Source records
####
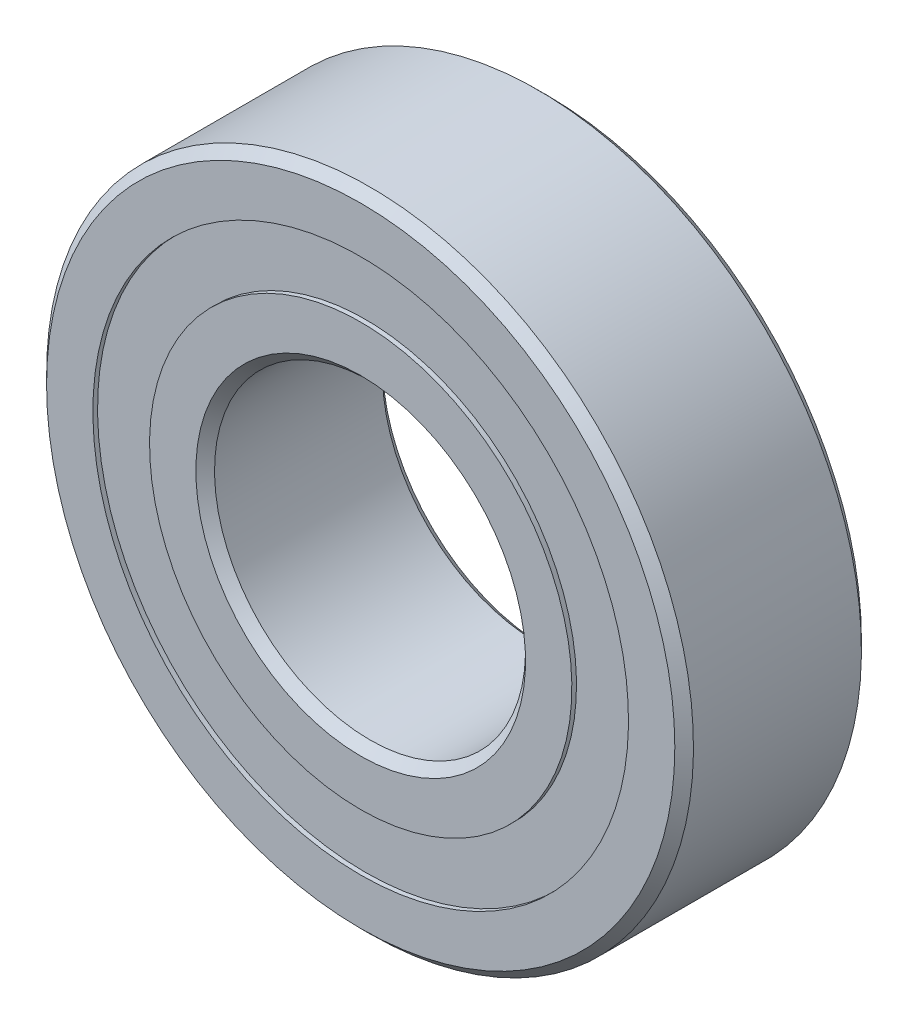
ISO-10303-21;
HEADER;
FILE_DESCRIPTION(('STEP AP214'),'2;1');
FILE_NAME('part.step','',(''),(''),'','','');
FILE_SCHEMA(('AUTOMOTIVE_DESIGN { 1 0 10303 214 1 1 1 1 }'));
ENDSEC;
DATA;
#1=APPLICATION_CONTEXT('core data for automotive mechanical design processes');
#2=APPLICATION_PROTOCOL_DEFINITION('international standard','automotive_design',2000,#1);
#3=PRODUCT_CONTEXT('',#1,'mechanical');
#4=PRODUCT('Part','Part','',(#3));
#5=PRODUCT_RELATED_PRODUCT_CATEGORY('part','',(#4));
#6=PRODUCT_DEFINITION_FORMATION('','',#4);
#7=PRODUCT_DEFINITION_CONTEXT('part definition',#1,'design');
#8=PRODUCT_DEFINITION('design','',#6,#7);
#9=PRODUCT_DEFINITION_SHAPE('','',#8);
#10=(LENGTH_UNIT() NAMED_UNIT(*) SI_UNIT(.MILLI.,.METRE.));
#11=(NAMED_UNIT(*) PLANE_ANGLE_UNIT() SI_UNIT($,.RADIAN.));
#12=(NAMED_UNIT(*) SI_UNIT($,.STERADIAN.) SOLID_ANGLE_UNIT());
#13=UNCERTAINTY_MEASURE_WITH_UNIT(LENGTH_MEASURE(1.E-05),#10,'distance_accuracy_value','');
#14=(GEOMETRIC_REPRESENTATION_CONTEXT(3) GLOBAL_UNCERTAINTY_ASSIGNED_CONTEXT((#13)) GLOBAL_UNIT_ASSIGNED_CONTEXT((#10,
#11,#12)) REPRESENTATION_CONTEXT('',''));
#15=CARTESIAN_POINT('',(0.,0.,0.));
#16=DIRECTION('',(0.,0.,1.));
#17=DIRECTION('',(1.,0.,0.));
#18=AXIS2_PLACEMENT_3D('',#15,#16,#17);
#19=CARTESIAN_POINT('',(0.,21.5269230769231,-7.125));
#20=DIRECTION('',(0.,0.,1.));
#21=DIRECTION('',(0.,-1.,0.));
#22=AXIS2_PLACEMENT_3D('',#19,#20,#21);
#23=PLANE('',#22);
#24=CARTESIAN_POINT('',(0.,0.,-7.125));
#25=DIRECTION('',(0.,0.,1.));
#26=DIRECTION('',(0.,-1.,0.));
#27=AXIS2_PLACEMENT_3D('',#24,#25,#26);
#28=CIRCLE('',#27,21.5269230769231);
#29=CARTESIAN_POINT('',(0.,-21.5269230769231,-7.12500000000001));
#30=VERTEX_POINT('',#29);
#31=EDGE_CURVE('E57',#30,#30,#28,.T.);
#32=ORIENTED_EDGE('',*,*,#31,.F.);
#33=EDGE_LOOP('',(#32));
#34=FACE_BOUND('',#33,.T.);
#35=CARTESIAN_POINT('',(0.,0.,-7.125));
#36=DIRECTION('',(0.,0.,1.));
#37=DIRECTION('',(0.,-1.,0.));
#38=AXIS2_PLACEMENT_3D('',#35,#36,#37);
#39=CIRCLE('',#38,16.9730769230769);
#40=CARTESIAN_POINT('',(0.,-16.9730769230769,-7.12500000000001));
#41=VERTEX_POINT('',#40);
#42=EDGE_CURVE('E11',#41,#41,#39,.T.);
#43=ORIENTED_EDGE('',*,*,#42,.T.);
#44=EDGE_LOOP('',(#43));
#45=FACE_BOUND('',#44,.T.);
#46=ADVANCED_FACE('F43',(#34,#45),#23,.F.);
#47=CARTESIAN_POINT('',(0.,0.,7.5));
#48=DIRECTION('',(0.,0.,1.));
#49=DIRECTION('',(0.,-1.,0.));
#50=AXIS2_PLACEMENT_3D('',#47,#48,#49);
#51=CYLINDRICAL_SURFACE('',#50,16.9730769230769);
#52=ORIENTED_EDGE('',*,*,#42,.F.);
#53=EDGE_LOOP('',(#52));
#54=FACE_BOUND('',#53,.T.);
#55=CARTESIAN_POINT('',(0.,0.,-4.03676724735722));
#56=DIRECTION('',(0.,0.,1.));
#57=DIRECTION('',(0.,-1.,0.));
#58=AXIS2_PLACEMENT_3D('',#55,#56,#57);
#59=CIRCLE('',#58,16.9730769230769);
#60=CARTESIAN_POINT('',(0.,-16.9730769230769,-4.03676724735722));
#61=VERTEX_POINT('',#60);
#62=EDGE_CURVE('E49',#61,#61,#59,.T.);
#63=ORIENTED_EDGE('',*,*,#62,.T.);
#64=EDGE_LOOP('',(#63));
#65=FACE_BOUND('',#64,.T.);
#66=ADVANCED_FACE('F66',(#54,#65),#51,.F.);
#67=CARTESIAN_POINT('',(0.,21.5269230769231,-4.03676724735722));
#68=DIRECTION('',(0.,0.,-1.));
#69=DIRECTION('',(0.,1.,0.));
#70=AXIS2_PLACEMENT_3D('',#67,#68,#69);
#71=PLANE('',#70);
#72=ORIENTED_EDGE('',*,*,#62,.F.);
#73=EDGE_LOOP('',(#72));
#74=FACE_BOUND('',#73,.T.);
#75=CARTESIAN_POINT('',(0.,0.,-4.03676724735722));
#76=DIRECTION('',(0.,0.,1.));
#77=DIRECTION('',(0.,-1.,0.));
#78=AXIS2_PLACEMENT_3D('',#75,#76,#77);
#79=CIRCLE('',#78,21.5269230769231);
#80=CARTESIAN_POINT('',(0.,-21.5269230769231,-4.03676724735723));
#81=VERTEX_POINT('',#80);
#82=EDGE_CURVE('E53',#81,#81,#79,.T.);
#83=ORIENTED_EDGE('',*,*,#82,.T.);
#84=EDGE_LOOP('',(#83));
#85=FACE_BOUND('',#84,.T.);
#86=ADVANCED_FACE('F70',(#74,#85),#71,.F.);
#87=CARTESIAN_POINT('',(0.,0.,7.5));
#88=DIRECTION('',(0.,0.,1.));
#89=DIRECTION('',(0.,-1.,0.));
#90=AXIS2_PLACEMENT_3D('',#87,#88,#89);
#91=CYLINDRICAL_SURFACE('',#90,21.5269230769231);
#92=ORIENTED_EDGE('',*,*,#82,.F.);
#93=EDGE_LOOP('',(#92));
#94=FACE_BOUND('',#93,.T.);
#95=ORIENTED_EDGE('',*,*,#31,.T.);
#96=EDGE_LOOP('',(#95));
#97=FACE_BOUND('',#96,.T.);
#98=ADVANCED_FACE('F63',(#94,#97),#91,.T.);
#99=CLOSED_SHELL('',(#46,#66,#86,#98));
#100=MANIFOLD_SOLID_BREP('B2',#99);
#101=CARTESIAN_POINT('',(0.,21.5269230769231,7.125));
#102=DIRECTION('',(0.,0.,-1.));
#103=DIRECTION('',(0.,1.,0.));
#104=AXIS2_PLACEMENT_3D('',#101,#102,#103);
#105=PLANE('',#104);
#106=CARTESIAN_POINT('',(0.,0.,7.125));
#107=DIRECTION('',(0.,0.,1.));
#108=DIRECTION('',(0.,-1.,0.));
#109=AXIS2_PLACEMENT_3D('',#106,#107,#108);
#110=CIRCLE('',#109,16.9730769230769);
#111=CARTESIAN_POINT('',(0.,-16.9730769230769,7.12499999999999));
#112=VERTEX_POINT('',#111);
#113=EDGE_CURVE('E42',#112,#112,#110,.T.);
#114=ORIENTED_EDGE('',*,*,#113,.F.);
#115=EDGE_LOOP('',(#114));
#116=FACE_BOUND('',#115,.T.);
#117=CARTESIAN_POINT('',(0.,0.,7.125));
#118=DIRECTION('',(0.,0.,1.));
#119=DIRECTION('',(0.,-1.,0.));
#120=AXIS2_PLACEMENT_3D('',#117,#118,#119);
#121=CIRCLE('',#120,21.5269230769231);
#122=CARTESIAN_POINT('',(0.,-21.5269230769231,7.12499999999999));
#123=VERTEX_POINT('',#122);
#124=EDGE_CURVE('E138',#123,#123,#121,.T.);
#125=ORIENTED_EDGE('',*,*,#124,.T.);
#126=EDGE_LOOP('',(#125));
#127=FACE_BOUND('',#126,.T.);
#128=ADVANCED_FACE('F124',(#116,#127),#105,.F.);
#129=CARTESIAN_POINT('',(0.,0.,7.5));
#130=DIRECTION('',(0.,0.,1.));
#131=DIRECTION('',(0.,-1.,0.));
#132=AXIS2_PLACEMENT_3D('',#129,#130,#131);
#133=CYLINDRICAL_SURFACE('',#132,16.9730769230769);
####
TASK GOAL.
Among the records above, only the lines between the line holding "#41=VERTEX_POINT('',#40);" and the line holding "#90=AXIS2_PLACEMENT_3D('',#87,#88,#89);", inclusive, are to be output, exactly as written.

ANSWER FOR THE TASK.
#41=VERTEX_POINT('',#40);
#42=EDGE_CURVE('E11',#41,#41,#39,.T.);
#43=ORIENTED_EDGE('',*,*,#42,.T.);
#44=EDGE_LOOP('',(#43));
#45=FACE_BOUND('',#44,.T.);
#46=ADVANCED_FACE('F43',(#34,#45),#23,.F.);
#47=CARTESIAN_POINT('',(0.,0.,7.5));
#48=DIRECTION('',(0.,0.,1.));
#49=DIRECTION('',(0.,-1.,0.));
#50=AXIS2_PLACEMENT_3D('',#47,#48,#49);
#51=CYLINDRICAL_SURFACE('',#50,16.9730769230769);
#52=ORIENTED_EDGE('',*,*,#42,.F.);
#53=EDGE_LOOP('',(#52));
#54=FACE_BOUND('',#53,.T.);
#55=CARTESIAN_POINT('',(0.,0.,-4.03676724735722));
#56=DIRECTION('',(0.,0.,1.));
#57=DIRECTION('',(0.,-1.,0.));
#58=AXIS2_PLACEMENT_3D('',#55,#56,#57);
#59=CIRCLE('',#58,16.9730769230769);
#60=CARTESIAN_POINT('',(0.,-16.9730769230769,-4.03676724735722));
#61=VERTEX_POINT('',#60);
#62=EDGE_CURVE('E49',#61,#61,#59,.T.);
#63=ORIENTED_EDGE('',*,*,#62,.T.);
#64=EDGE_LOOP('',(#63));
#65=FACE_BOUND('',#64,.T.);
#66=ADVANCED_FACE('F66',(#54,#65),#51,.F.);
#67=CARTESIAN_POINT('',(0.,21.5269230769231,-4.03676724735722));
#68=DIRECTION('',(0.,0.,-1.));
#69=DIRECTION('',(0.,1.,0.));
#70=AXIS2_PLACEMENT_3D('',#67,#68,#69);
#71=PLANE('',#70);
#72=ORIENTED_EDGE('',*,*,#62,.F.);
#73=EDGE_LOOP('',(#72));
#74=FACE_BOUND('',#73,.T.);
#75=CARTESIAN_POINT('',(0.,0.,-4.03676724735722));
#76=DIRECTION('',(0.,0.,1.));
#77=DIRECTION('',(0.,-1.,0.));
#78=AXIS2_PLACEMENT_3D('',#75,#76,#77);
#79=CIRCLE('',#78,21.5269230769231);
#80=CARTESIAN_POINT('',(0.,-21.5269230769231,-4.03676724735723));
#81=VERTEX_POINT('',#80);
#82=EDGE_CURVE('E53',#81,#81,#79,.T.);
#83=ORIENTED_EDGE('',*,*,#82,.T.);
#84=EDGE_LOOP('',(#83));
#85=FACE_BOUND('',#84,.T.);
#86=ADVANCED_FACE('F70',(#74,#85),#71,.F.);
#87=CARTESIAN_POINT('',(0.,0.,7.5));
#88=DIRECTION('',(0.,0.,1.));
#89=DIRECTION('',(0.,-1.,0.));
#90=AXIS2_PLACEMENT_3D('',#87,#88,#89);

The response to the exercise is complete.